Table 1. Clinical characteristic comparison between subjects with different fertilisation methods (ICSI/IVF).
Distinct lipid profiles between human plasma and follicular fluid
A total of 742 FF lipids and 765 plasma lipids from eleven lipid classes, including CE, Cer, DG, LPC, LPE, PC, PE, PE-O, PE-P, SM, and TG were identified. Of these, 728 were common to both FF and plasma; however, a separate group of unique lipids was found in Figure 1A. FF-specific lipids comprised seven DGs, three PCs containing C20:0 fatty acid, two PEs containing C14:0, and two TGs. On the other hand, the lipid species identified in plasma were primarily TGs exhibiting a wide array of carbon chain lengths and degrees of unsaturation.
Figure 1. Differential abundance analysis of FF and plasma lipidome. (A) Venn diagram displaying the overlapped and unique species detected from the two biological matrices, (B) Hierarchical clustering heatmap representing the average abundance of the eleven detected subclasses. Paired comparisons were performed between FF (blue) and plasma (red). Lipid subclasses presented in rows with the log10-transformed abundance further standardised to Z-score. (C) Volcano plot that illustrated lipid species with differential expression patterns. Lipids that were enriched in FF were coloured in blue and plasma in red. Colour-filled dots indicated species with abundance difference > |2| folds and FDR adjusted P-value < 0.05.
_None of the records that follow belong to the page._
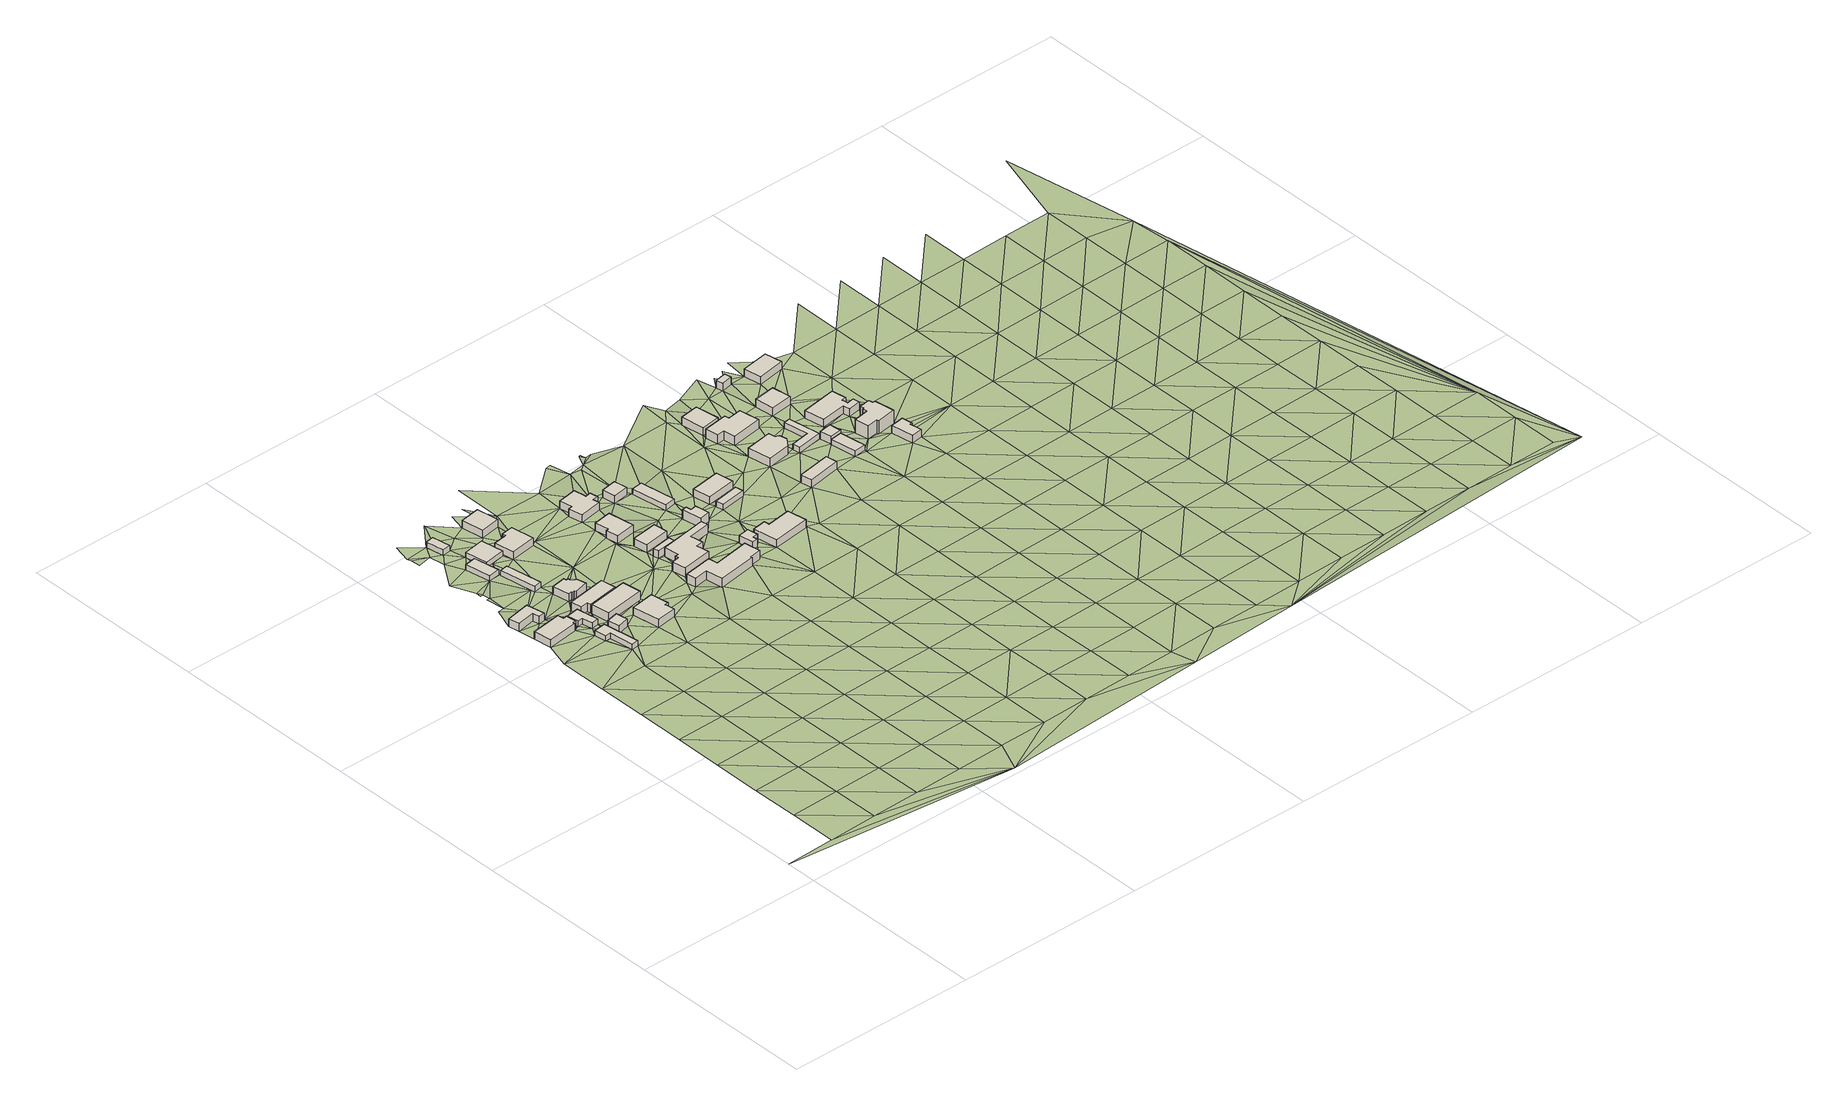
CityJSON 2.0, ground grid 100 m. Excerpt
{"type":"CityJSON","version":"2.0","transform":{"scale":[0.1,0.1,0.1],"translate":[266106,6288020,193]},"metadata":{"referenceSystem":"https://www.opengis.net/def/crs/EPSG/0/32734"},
"CityObjects":{
"building1":{"type":"Building","attributes":{"address":"Lavender Crescent Mamre 7347 Cape Town","building":"house","building:levels":"1","building_height":4.1,"roof_height":199.22,"ground_height":195.12,"plus_code":"4FRWFFJJ+2RF"},"geometry":[{"type":"Solid","lod":"1","boundaries":[[[[0,1,2,3]],[[1,4,5,2]],[[4,6,7,5]],[[6,8,9,7]],[[8,10,11,9]],[[10,12,13,11]],[[12,14,15,13]],[[14,0,3,15]],[[3,2,5,7,9,11,13,15]],[[14,12,10,8,6,4,1,0]]]]}]},
"building2":{"type":"Building","attributes":{"building":"house","building:levels":"1","building_height":4.1,"roof_height":199.22,"ground_height":195.12,"plus_code":"4FRWFFJJ+3RJ"},"geometry":[{"type":"Solid","lod":"1","boundaries":[[[[16,17,18,19]],[[17,20,21,18]],[[20,22,23,21]],[[22,24,25,23]],[[24,26,27,25]],[[26,16,19,27]],[[19,18,21,23,25,27]],[[26,24,22,20,17,16]]]]}]},
"building3":{"type":"Building","attributes":{"building":"cabin","building:levels":"1","building_height":2.8,"roof_height":197.93,"ground_height":195.13,"plus_code":"4FRWFFHJ+WVQ"},"geometry":[{"type":"Solid","lod":"1","boundaries":[[[[28,29,30,31]],[[29,32,33,30]],[[32,34,35,33]],[[34,36,37,35]],[[36,38,39,37]],[[38,28,31,39]],[[31,30,33,35,37,39]],[[38,36,34,32,29,28]]]]}]},
"building4":{"type":"Building","attributes":{"building":"cabin","building:levels":"1","building_height":2.8,"roof_height":198.07,"ground_height":195.27,"plus_code":"4FRWFFJJ+2VG"},"geometry":[{"type":"Solid","lod":"1","boundaries":[[[[40,41,42,43]],[[41,44,45,42]],[[44,46,47,45]],[[46,48,49,47]],[[48,50,51,49]],[[50,40,43,51]],[[43,42,45,47,49,51]],[[50,48,46,44,41,40]]]]}]},
"building5":{"type":"Building","attributes":{"address":"Akkerboom Avenue Mamre 7347 Cape Town","building":"yes","building:levels":"1","building_height":4.1,"roof_height":199.23,"ground_height":195.13,"plus_code":"4FRWFFHJ+XWF"},"geometry":[{"type":"Solid","lod":"1","boundaries":[[[[52,53,54,55]],[[53,56,57,54]],[[56,58,59,57]],[[58,52,55,59]],[[55,54,57,59]],[[58,56,53,52]]]]}]},
"building6":{"type":"Building","attributes":{"building":"cabin","building:levels":"1","building_height":2.8,"roof_height":199.1,"ground_height":196.3,"plus_code":"4FRWFFJJ+6VC"},"geometry":[{"type":"Solid","lod":"1","boundaries":[[[[60,61,62,63]],[[61,64,65,62]],[[64,66,67,65]],[[66,60,63,67]],[[63,62,65,67]],[[66,64,61,60]]]]}]},
"building7":{"type":"Building","attributes":{"building":"cabin","building:levels":"1","building_height":2.8,"roof_height":198.53,"ground_height":195.73,"plus_code":"4FRWFFJJ+5V8"},"geometry":[{"type":"Solid","lod":"1","boundaries":[[[[68,69,70,71]],[[69,72,73,70]],[[72,74,75,73]],[[74,68,71,75]],[[71,70,73,75]],[[74,72,69,68]]]]}]},
"building8":{"type":"Building","attributes":{"building":"cabin","building:levels":"1","building_height":2.8,"roof_height":199.42,"ground_height":196.62,"plus_code":"4FRWFFJJ+8R9"},"geometry":[{"type":"Solid","lod":"1","boundaries":[[[[76,77,78,79]],[[77,80,81,78]],[[80,82,83,81]],[[82,76,79,83]],[[79,78,81,83]],[[82,80,77,76]]]]}]},
"building9":{"type":"Building","attributes":{"building":"garage","building:levels":"1","building_height":4.1,"roof_height":199.82,"ground_height":195.72,"plus_code":"4FRWFFJJ+2WX"},"geometry":[{"type":"Solid","lod":"1","boundaries":[[[[84,85,86,87]],[[85,88,89,86]],[[88,90,91,89]],[[90,92,93,91]],[[92,94,95,93]],[[94,84,87,95]],[[87,86,89,91,93,95]],[[94,92,90,88,85,84]]]]}]},
"building10":{"type":"Building","attributes":{"address":"56 Akkerboom Avenue Mamre 7347 Cape Town","building":"house","building:levels":"1","building_height":4.1,"roof_height":199.37,"ground_height":195.27,"plus_code":"4FRWFFJJ+3WP"},"geometry":[{"type":"Solid","lod":"1","boundaries":[[[[96,97,98,99]],[[97,100,101,98]],[[100,102,103,101]],[[102,104,105,103]],[[104,106,107,105]],[[106,108,109,107]],[[108,110,111,109]],[[110,112,113,111]],[[112,114,115,113]],[[114,116,117,115]],[[116,118,119,117]],[[118,96,99,119]],[[99,98,101,103,105,107,109,111,113,115,117,119]],[[118,116,114,112,110,108,106,104,102,100,97,96]]]]}]},
"building11":{"type":"Building","attributes":{"address":"58 Akkerboom Avenue Mamre 7347 Cape Town","building":"house","building:levels":"1","building_height":4.1,"roof_height":199.82,"ground_height":195.72,"plus_code":"4FRWFFJJ+2X7"},"geometry":[{"type":"Solid","lod":"1","boundaries":[[[[120,121,122,123]],[[121,124,125,122]],[[124,126,127,125]],[[126,120,123,127]],[[123,122,125,127]],[[126,124,121,120]]]]}]},
"building12":{"type":"Building","attributes":{"building":"cabin","building:levels":"1","building_height":2.8,"roof_height":199.1,"ground_height":196.3,"plus_code":"4FRWFFJJ+7V5"},"geometry":[{"type":"Solid","lod":"1","boundaries":[[[[128,129,130,131]],[[129,132,133,130]],[[132,134,135,133]],[[134,128,131,135]],[[131,130,133,135]],[[134,132,129,128]]]]}]},
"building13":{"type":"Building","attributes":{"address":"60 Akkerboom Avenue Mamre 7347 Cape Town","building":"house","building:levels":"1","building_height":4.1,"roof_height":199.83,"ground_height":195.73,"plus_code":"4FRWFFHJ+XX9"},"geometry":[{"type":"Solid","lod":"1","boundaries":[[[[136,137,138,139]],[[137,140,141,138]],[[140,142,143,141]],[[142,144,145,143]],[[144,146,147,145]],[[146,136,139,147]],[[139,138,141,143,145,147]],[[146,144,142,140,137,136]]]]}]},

To compare plasma and FF lipidomes in the same individual, paired analyses were performed on the 728 shared species. Overall, a clear difference existed between the two biological matrices. As the heatmap illustrates, FF generally displayed greater abundance across all subclasses relative to plasma, with exception of Cer (Figure 1B). At the species level, 481 lipids demonstrated higher concentration in FF, whereas 102 lipids exhibited higher concentrations in plasma (FDR adjusted P-value <0.05) (Figure 1C). TG, PC, and PE were the most prevalent lipid classes enriched in FF, contributing 41.37%, 15.18%, and 13.10% of the differential, respectively. TG also constituted the largest subclass of plasma-enriched lipids (86.27%), followed by CE (4.90%), SM (3.92%), and DG (3.92%).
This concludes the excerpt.